Le président français avait annoncé vendredi 23 novembre que son pays allait restituer 26 œuvres d’arts au Bénin. Une décision qui a été saluée par la voix du ministre des affaires étrangères du Bénin, Aurélien Agbénonci qui a loué le courage et la détermination du président français à respecter sa promesse faite lors de son passage à Ouagadougou en 2017.

Mais cette décision ne semble pas être partagée par tous. Le directeur du quai-Branly a, le 25 novembre sur Europe 1 signifié que les musées ne doivent pas être « otage de l’histoire douloureuse du colonialisme ». Ce musée compte à lui seul 70.000 des 90.000 objets d’arts de l’Afrique subsaharienne présent dans les musées publics français, de quoi s’inquiéter de cette restitution prévue par le président français.
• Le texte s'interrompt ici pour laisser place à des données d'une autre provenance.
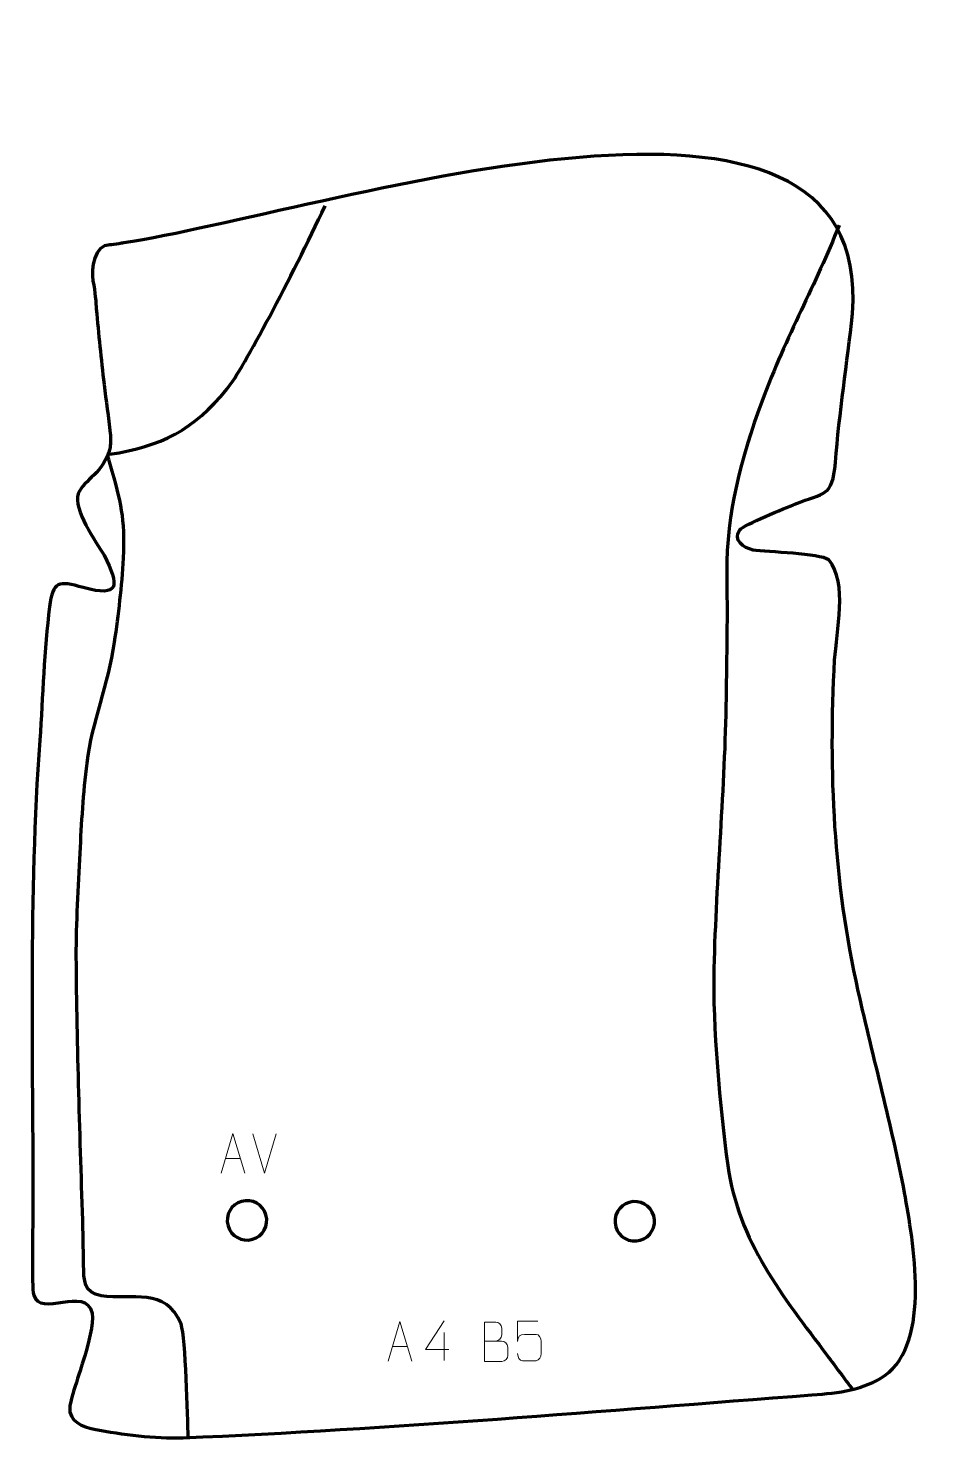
# Model space of a CAD drawing. Header units: millimetres. Extents: x 1003 to 1575, y 59 to 952.
import ezdxf

# ---------------------------------------------------------------- set-up
doc = ezdxf.new("R2010")
doc.units = ezdxf.units.MM
doc.header["$MEASUREMENT"] = 0
doc.layers.add('layer 2', color=7, linetype='Continuous')
doc.layers.add('layer 3', color=7, linetype='Continuous')

msp = doc.modelspace()

# ---------------------------------------------------------------- linework, layer by layer
at = {"layer": 'layer 2', "color": 140, "lineweight": 158}
for points, knots in [([(1054.3106, 682.2452), (1087.0201, 686.9555), (1107.4549, 697.7163), (1128.6113, 723.403), (1128.6113, 723.403), (1139.4131, 737.1448), (1169.1982, 793.9437), (1190.7424, 839.3588)], [0, 0, 0, 0, 0.33333333, 0.33333333, 0.33333333, 0.33333333, 1, 1, 1, 1]), ([(1515.9365, 827.2783), (1501.1383, 789.1639), (1482.8945, 758.2243), (1467.006, 715.3363), (1467.006, 715.3363), (1453.9576, 679.7269), (1444.6555, 645.4493), (1444.8488, 607.1944), (1444.8488, 607.1944), (1445.3279, 580.8567), (1444.8398, 554.4089), (1444.4554, 528.0678), (1444.4554, 528.0678), (1443.626, 471.0186), (1438.1701, 414.0241), (1436.7204, 356.7702), (1436.7204, 356.7702), (1435.8309, 319.9936), (1440.6075, 268.8911), (1445.488, 232.1289), (1445.488, 232.1289), (1452.2025, 184.044), (1480.3612, 149.1568), (1508.525, 111.6736), (1508.525, 111.6736), (1513.9381, 104.4441), (1519.3536, 97.2183), (1524.7466, 89.9736)], [0, 0, 0, 0, 0.125, 0.125, 0.125, 0.125, 0.25, 0.25, 0.25, 0.25, 0.375, 0.375, 0.375, 0.375, 0.5, 0.5, 0.5, 0.5, 0.625, 0.625, 0.625, 0.625, 0.75, 0.75, 0.75, 0.75, 1, 1, 1, 1]), ([(1104.1402, 59.8625), (1103.5948, 72.9943), (1102.6963, 122.6098), (1099.5776, 131.7386), (1099.5776, 131.7386), (1089.855, 155.5137), (1068.5996, 146.6549), (1048.9423, 149.6288), (1048.9423, 149.6288), (1037.9427, 151.2929), (1038.0826, 159.3762), (1037.8708, 169.2048), (1037.8708, 169.2048), (1037.7061, 176.8475), (1037.7321, 184.3257), (1037.4933, 192.0484), (1037.4933, 192.0484), (1035.719, 249.4399), (1033.6561, 306.8039), (1033.2739, 364.2284), (1033.2739, 364.2284), (1033.1469, 385.5165), (1034.7569, 408.375), (1035.7079, 429.7959), (1035.7079, 429.7959), (1036.5564, 448.9059), (1037.8275, 467.7894), (1040.0582, 486.7952), (1040.0582, 486.7952), (1043.3182, 512.5711), (1053.5442, 536.7179), (1057.4489, 563.2193), (1057.4489, 563.2193), (1060.0667, 580.9867), (1062.1682, 598.5067), (1063.166, 616.4503), (1063.166, 616.4503), (1064.1338, 642.5334), (1061.7986, 651.0786), (1054.7389, 675.9458), (1054.7389, 675.9458), (1054.1958, 677.8528), (1053.6592, 679.7602), (1053.1266, 681.6702)], [0, 0, 0, 0, 0.08333333, 0.08333333, 0.08333333, 0.08333333, 0.16666667, 0.16666667, 0.16666667, 0.16666667, 0.25, 0.25, 0.25, 0.25, 0.33333333, 0.33333333, 0.33333333, 0.33333333, 0.41666667, 0.41666667, 0.41666667, 0.41666667, 0.5, 0.5, 0.5, 0.5, 0.58333333, 0.58333333, 0.58333333, 0.58333333, 0.66666667, 0.66666667, 0.66666667, 0.66666667, 0.75, 0.75, 0.75, 0.75, 0.83333333, 0.83333333, 0.83333333, 0.83333333, 1, 1, 1, 1])]:
    msp.add_open_spline(points, degree=3, knots=knots, dxfattribs=at)
at = {"layer": 'layer 2', "color": 250, "lineweight": 9}
for points, knots in [([(1124.9685, 227.2453), (1124.9685, 227.2453), (1132.3395, 252.1988), (1132.3395, 252.1988), (1132.3395, 252.1988), (1132.3395, 252.1988), (1139.9094, 227.2453), (1139.9094, 227.2453)], [0, 0, 0, 0, 0.33333333, 0.33333333, 0.33333333, 0.33333333, 1, 1, 1, 1]), ([(1230.578, 108.258), (1230.578, 108.258), (1237.949, 133.2115), (1237.949, 133.2115), (1237.949, 133.2115), (1237.949, 133.2115), (1245.5189, 108.258), (1245.5189, 108.258)], [0, 0, 0, 0, 0.33333333, 0.33333333, 0.33333333, 0.33333333, 1, 1, 1, 1]), ([(1268.9926, 115.5787), (1268.9926, 115.5787), (1254.1709, 115.5787), (1254.1709, 115.5787), (1254.1709, 115.5787), (1254.1709, 115.5787), (1266.0485, 133.6492), (1266.0485, 133.6492)], [0, 0, 0, 0, 0.33333333, 0.33333333, 0.33333333, 0.33333333, 1, 1, 1, 1]), ([(1291.537, 120.9609), (1295.1756, 120.9613), (1298.7627, 120.9613), (1302.4021, 120.9609), (1302.4021, 120.9609), (1304.3775, 120.9436), (1306.3011, 119.2075), (1306.3011, 117.1579), (1306.3011, 117.1579), (1306.3007, 116.0293), (1306.3007, 112.9799), (1306.3011, 111.851), (1306.3011, 111.851), (1306.3187, 109.9931), (1304.7766, 107.9792), (1302.4551, 107.9961), (1302.4551, 107.9961), (1298.8153, 107.9965), (1295.1759, 107.9965), (1291.537, 107.9961), (1291.537, 107.9961), (1291.537, 116.3144), (1291.537, 124.6322), (1291.537, 132.9497), (1291.537, 132.9497), (1293.9107, 132.9497), (1296.2848, 132.9497), (1298.659, 132.9497), (1298.659, 132.9497), (1300.3398, 132.9673), (1302.4366, 131.0568), (1302.4543, 129.0944), (1302.4543, 129.0944), (1302.4539, 127.0283), (1302.4539, 126.8823), (1302.4543, 124.8158), (1302.4543, 124.8158), (1302.4716, 122.7497), (1300.6171, 120.9436), (1298.6071, 120.9609)], [0, 0, 0, 0, 0.09090909, 0.09090909, 0.09090909, 0.09090909, 0.18181818, 0.18181818, 0.18181818, 0.18181818, 0.27272727, 0.27272727, 0.27272727, 0.27272727, 0.36363636, 0.36363636, 0.36363636, 0.36363636, 0.45454545, 0.45454545, 0.45454545, 0.45454545, 0.54545455, 0.54545455, 0.54545455, 0.54545455, 0.63636364, 0.63636364, 0.63636364, 0.63636364, 0.72727273, 0.72727273, 0.72727273, 0.72727273, 0.81818182, 0.81818182, 0.81818182, 0.81818182, 1, 1, 1, 1]), ([(1325.3636, 133.416), (1325.3636, 133.416), (1312.5119, 133.416), (1312.5119, 133.416), (1312.5119, 133.416), (1312.5122, 129.1854), (1312.5122, 124.9545), (1312.5119, 120.7233), (1312.5119, 120.7233), (1312.5116, 124.0334), (1314.1426, 125.1052), (1316.9546, 125.1657), (1316.9546, 125.1657), (1319.3942, 125.166), (1321.8337, 125.166), (1324.2729, 125.1657), (1324.2729, 125.1657), (1325.9227, 125.1725), (1327.3976, 122.792), (1327.4261, 120.7233), (1327.4261, 120.7233), (1327.4258, 118.136), (1327.4258, 115.5484), (1327.4261, 112.9607), (1327.4261, 112.9607), (1327.4723, 111.0013), (1325.9729, 108.565), (1324.347, 108.5065), (1324.347, 108.5065), (1322.3905, 108.5068), (1317.4955, 108.5068), (1315.5385, 108.5065), (1315.5385, 108.5065), (1313.693, 108.4977), (1312.5859, 110.4625), (1312.5651, 113.0136)], [0, 0, 0, 0, 0.1, 0.1, 0.1, 0.1, 0.2, 0.2, 0.2, 0.2, 0.3, 0.3, 0.3, 0.3, 0.4, 0.4, 0.4, 0.4, 0.5, 0.5, 0.5, 0.5, 0.6, 0.6, 0.6, 0.6, 0.7, 0.7, 0.7, 0.7, 0.8, 0.8, 0.8, 0.8, 1, 1, 1, 1])]:
    msp.add_open_spline(points, degree=3, knots=knots, dxfattribs=at)
for points in [[(1152.328, 227.238), (1152.328, 227.238), (1145.0062, 252.1916), (1145.0062, 252.1916)], [(1159.6499, 252.1916), (1159.6499, 252.1916), (1152.3281, 227.238), (1152.3281, 227.238)], [(1127.6911, 236.4947), (1127.6911, 236.4947), (1137.1868, 236.4947), (1137.1868, 236.4947)], [(1266.0485, 126.3398), (1266.0485, 126.3398), (1266.0485, 108.6751), (1266.0485, 108.6751)], [(1233.3006, 117.5074), (1233.3006, 117.5074), (1242.7963, 117.5074), (1242.7963, 117.5074)]]:
    msp.add_open_spline(points, degree=3, dxfattribs=at)
at = {"layer": 'layer 2', "color": 142, "lineweight": 200}
for points in [[(1142.3225, 184.8666), (1135.442, 184.3028), (1129.4072, 189.4235), (1128.8433, 196.3039), (1128.8433, 196.3039), (1128.2795, 203.1844), (1133.4001, 209.2193), (1140.2806, 209.7831), (1140.2806, 209.7831), (1147.1611, 210.347), (1153.1959, 205.2263), (1153.7598, 198.3458), (1153.7598, 198.3458), (1154.3236, 191.4654), (1149.203, 185.4305), (1142.3225, 184.8666)], [(1387.6668, 184.2657), (1380.7863, 183.7018), (1374.7514, 188.8225), (1374.1876, 195.703), (1374.1876, 195.703), (1373.6237, 202.5834), (1378.7444, 208.6183), (1385.6249, 209.1822), (1385.6249, 209.1822), (1392.5054, 209.746), (1398.5402, 204.6253), (1399.1041, 197.7449), (1399.1041, 197.7449), (1399.6679, 190.8644), (1394.5473, 184.8295), (1387.6668, 184.2657)]]:
    msp.add_open_spline(points, degree=3, knots=[0, 0, 0, 0, 0.2, 0.2, 0.2, 0.2, 0.4, 0.4, 0.4, 0.4, 0.6, 0.6, 0.6, 0.6, 1, 1, 1, 1], dxfattribs=at)
at = {"layer": 'layer 3', "color": 242, "lineweight": 158}
msp.add_open_spline([(1043.2732, 138.5174), (1039.1334, 156.5671), (1010.3664, 135.5083), (1006.3107, 150.0802), (1006.3107, 150.0802), (1004.7814, 155.5749), (1005.7517, 192.5994), (1005.7684, 201.5167), (1005.7684, 201.5167), (1005.9547, 300.9757), (1002.845, 402.3696), (1010.1862, 501.3429), (1010.1862, 501.3429), (1012.0987, 528.9512), (1012.8845, 558.4173), (1016.3571, 585.6854), (1016.3571, 585.6854), (1018.4152, 601.8456), (1021.9939, 602.3994), (1037.6105, 597.7996), (1037.6105, 597.7996), (1061.3295, 591.4696), (1060.4129, 599.2916), (1050.8658, 618.262), (1050.8658, 618.262), (1045.8572, 626.6863), (1030.7593, 647.5688), (1034.5172, 657.1381), (1034.5172, 657.1381), (1038.2888, 666.7421), (1050.6566, 669.6302), (1054.6501, 686.5929), (1054.6501, 686.5929), (1055.1203, 689.7702), (1054.9947, 692.3345), (1054.7685, 695.5123), (1054.7685, 695.5123), (1053.8072, 705.5994), (1051.9951, 716.1945), (1050.8149, 726.4403), (1050.8149, 726.4403), (1048.9304, 742.7989), (1047.3672, 757.8456), (1045.9177, 774.2329), (1045.9177, 774.2329), (1045.7499, 777.7588), (1045.1707, 785.0531), (1043.829, 791.9233), (1043.829, 791.9233), (1042.2992, 799.7565), (1044.8338, 814.8749), (1054.5045, 814.7997), (1054.5045, 814.7997), (1054.9034, 814.7965), (1055.272, 814.8092), (1055.5789, 814.8491), (1055.5789, 814.8491), (1057.6106, 815.1133), (1059.7102, 815.4093), (1061.8748, 815.7346), (1061.8748, 815.7346), (1062.3574, 815.8071), (1062.8432, 815.8812), (1063.3323, 815.9566), (1063.3323, 815.9566), (1065.2133, 816.2468), (1067.142, 816.5584), (1069.1156, 816.89), (1069.1156, 816.89), (1201.5613, 839.1454), (1538.5841, 951.8688), (1524.3882, 771.2), (1524.3882, 771.2), (1521.0903, 739.5419), (1516.0369, 708.7782), (1513.6751, 676.9068), (1513.6751, 676.9068), (1511.4887, 654.6347), (1507.2182, 658.4794), (1487.9824, 650.6178), (1487.9824, 650.6178), (1482.298, 648.3063), (1455.5178, 637.6866), (1453.069, 634.3037), (1453.069, 634.3037), (1448.5259, 628.0276), (1455.428, 622.8796), (1461.4887, 621.5876), (1461.4887, 621.5876), (1471.1418, 620.2176), (1503.4437, 619.54), (1509.4765, 615.3581), (1509.4765, 615.3581), (1521.5461, 600.773), (1514.3136, 569.9452), (1513.1392, 552.0898), (1513.1392, 552.0898), (1509.3495, 480.2031), (1512.5069, 412.8402), (1528.0884, 342.3686), (1528.0884, 342.3686), (1537.5779, 300.0225), (1549.3386, 257.3555), (1557.3862, 214.8308), (1557.3862, 214.8308), (1562.8238, 184.2925), (1574.618, 119.9167), (1544.882, 99.1606), (1544.882, 99.1606), (1531.7373, 89.9854), (1515.988, 88.1218), (1498.7904, 86.8213), (1498.7904, 86.8213), (1366.6718, 76.8291), (1233.1203, 65.2375), (1100.8895, 59.7259), (1100.8895, 59.7259), (1082.6122, 59.0739), (1062.6126, 61.8066), (1044.6059, 65.0889), (1044.6059, 65.0889), (1037.4977, 66.3846), (1028.2485, 70.3393), (1029.078, 79.0148), (1029.078, 79.0148), (1029.6049, 84.5244), (1036.6224, 104.635), (1038.6458, 111.6768), (1038.6458, 111.6768), (1040.5998, 118.4768), (1044.4109, 131.6112), (1043.2732, 138.5174)], degree=3, knots=[0, 0, 0, 0, 0.02941176, 0.02941176, 0.02941176, 0.02941176, 0.05882353, 0.05882353, 0.05882353, 0.05882353, 0.08823529, 0.08823529, 0.08823529, 0.08823529, 0.11764706, 0.11764706, 0.11764706, 0.11764706, 0.14705882, 0.14705882, 0.14705882, 0.14705882, 0.17647059, 0.17647059, 0.17647059, 0.17647059, 0.20588235, 0.20588235, 0.20588235, 0.20588235, 0.23529412, 0.23529412, 0.23529412, 0.23529412, 0.26470588, 0.26470588, 0.26470588, 0.26470588, 0.29411765, 0.29411765, 0.29411765, 0.29411765, 0.32352941, 0.32352941, 0.32352941, 0.32352941, 0.35294118, 0.35294118, 0.35294118, 0.35294118, 0.38235294, 0.38235294, 0.38235294, 0.38235294, 0.41176471, 0.41176471, 0.41176471, 0.41176471, 0.44117647, 0.44117647, 0.44117647, 0.44117647, 0.47058824, 0.47058824, 0.47058824, 0.47058824, 0.5, 0.5, 0.5, 0.5, 0.52941176, 0.52941176, 0.52941176, 0.52941176, 0.55882353, 0.55882353, 0.55882353, 0.55882353, 0.58823529, 0.58823529, 0.58823529, 0.58823529, 0.61764706, 0.61764706, 0.61764706, 0.61764706, 0.64705882, 0.64705882, 0.64705882, 0.64705882, 0.67647059, 0.67647059, 0.67647059, 0.67647059, 0.70588235, 0.70588235, 0.70588235, 0.70588235, 0.73529412, 0.73529412, 0.73529412, 0.73529412, 0.76470588, 0.76470588, 0.76470588, 0.76470588, 0.79411765, 0.79411765, 0.79411765, 0.79411765, 0.82352941, 0.82352941, 0.82352941, 0.82352941, 0.85294118, 0.85294118, 0.85294118, 0.85294118, 0.88235294, 0.88235294, 0.88235294, 0.88235294, 0.91176471, 0.91176471, 0.91176471, 0.91176471, 0.94117647, 0.94117647, 0.94117647, 0.94117647, 1, 1, 1, 1], dxfattribs=at)

doc.saveas('drawing.dxf')

Restituer tous ces œuvres d’arts serait mettre fin au musée du Quai-Branly, qui se retrouverait vidé de plus de la moitié des objets qui le composent.

Des statues royales, des trônes, des portes, ce sont les objets pris comme trophée lors de la conquête du Dahomey à la fin du XIXe siècle que ce musée devra maintenant rendre aux propriétaires légitimes.

Pour les opposants à cette restitution, les objets d’arts risqueraient d’être mal entretenus vu le manque de musées en Afrique mais pour l’historienne béninoise Marie-Cécile Zinsou, le retour de ces œuvres marque une « dignité » et une « fierté retrouvée ».

Le directeur du Quai-Branly lui, plaide plutôt pour la construction d’une communauté mondiale de l’art, du musée, du partage. Les jours prochains donneront suite à ce litige.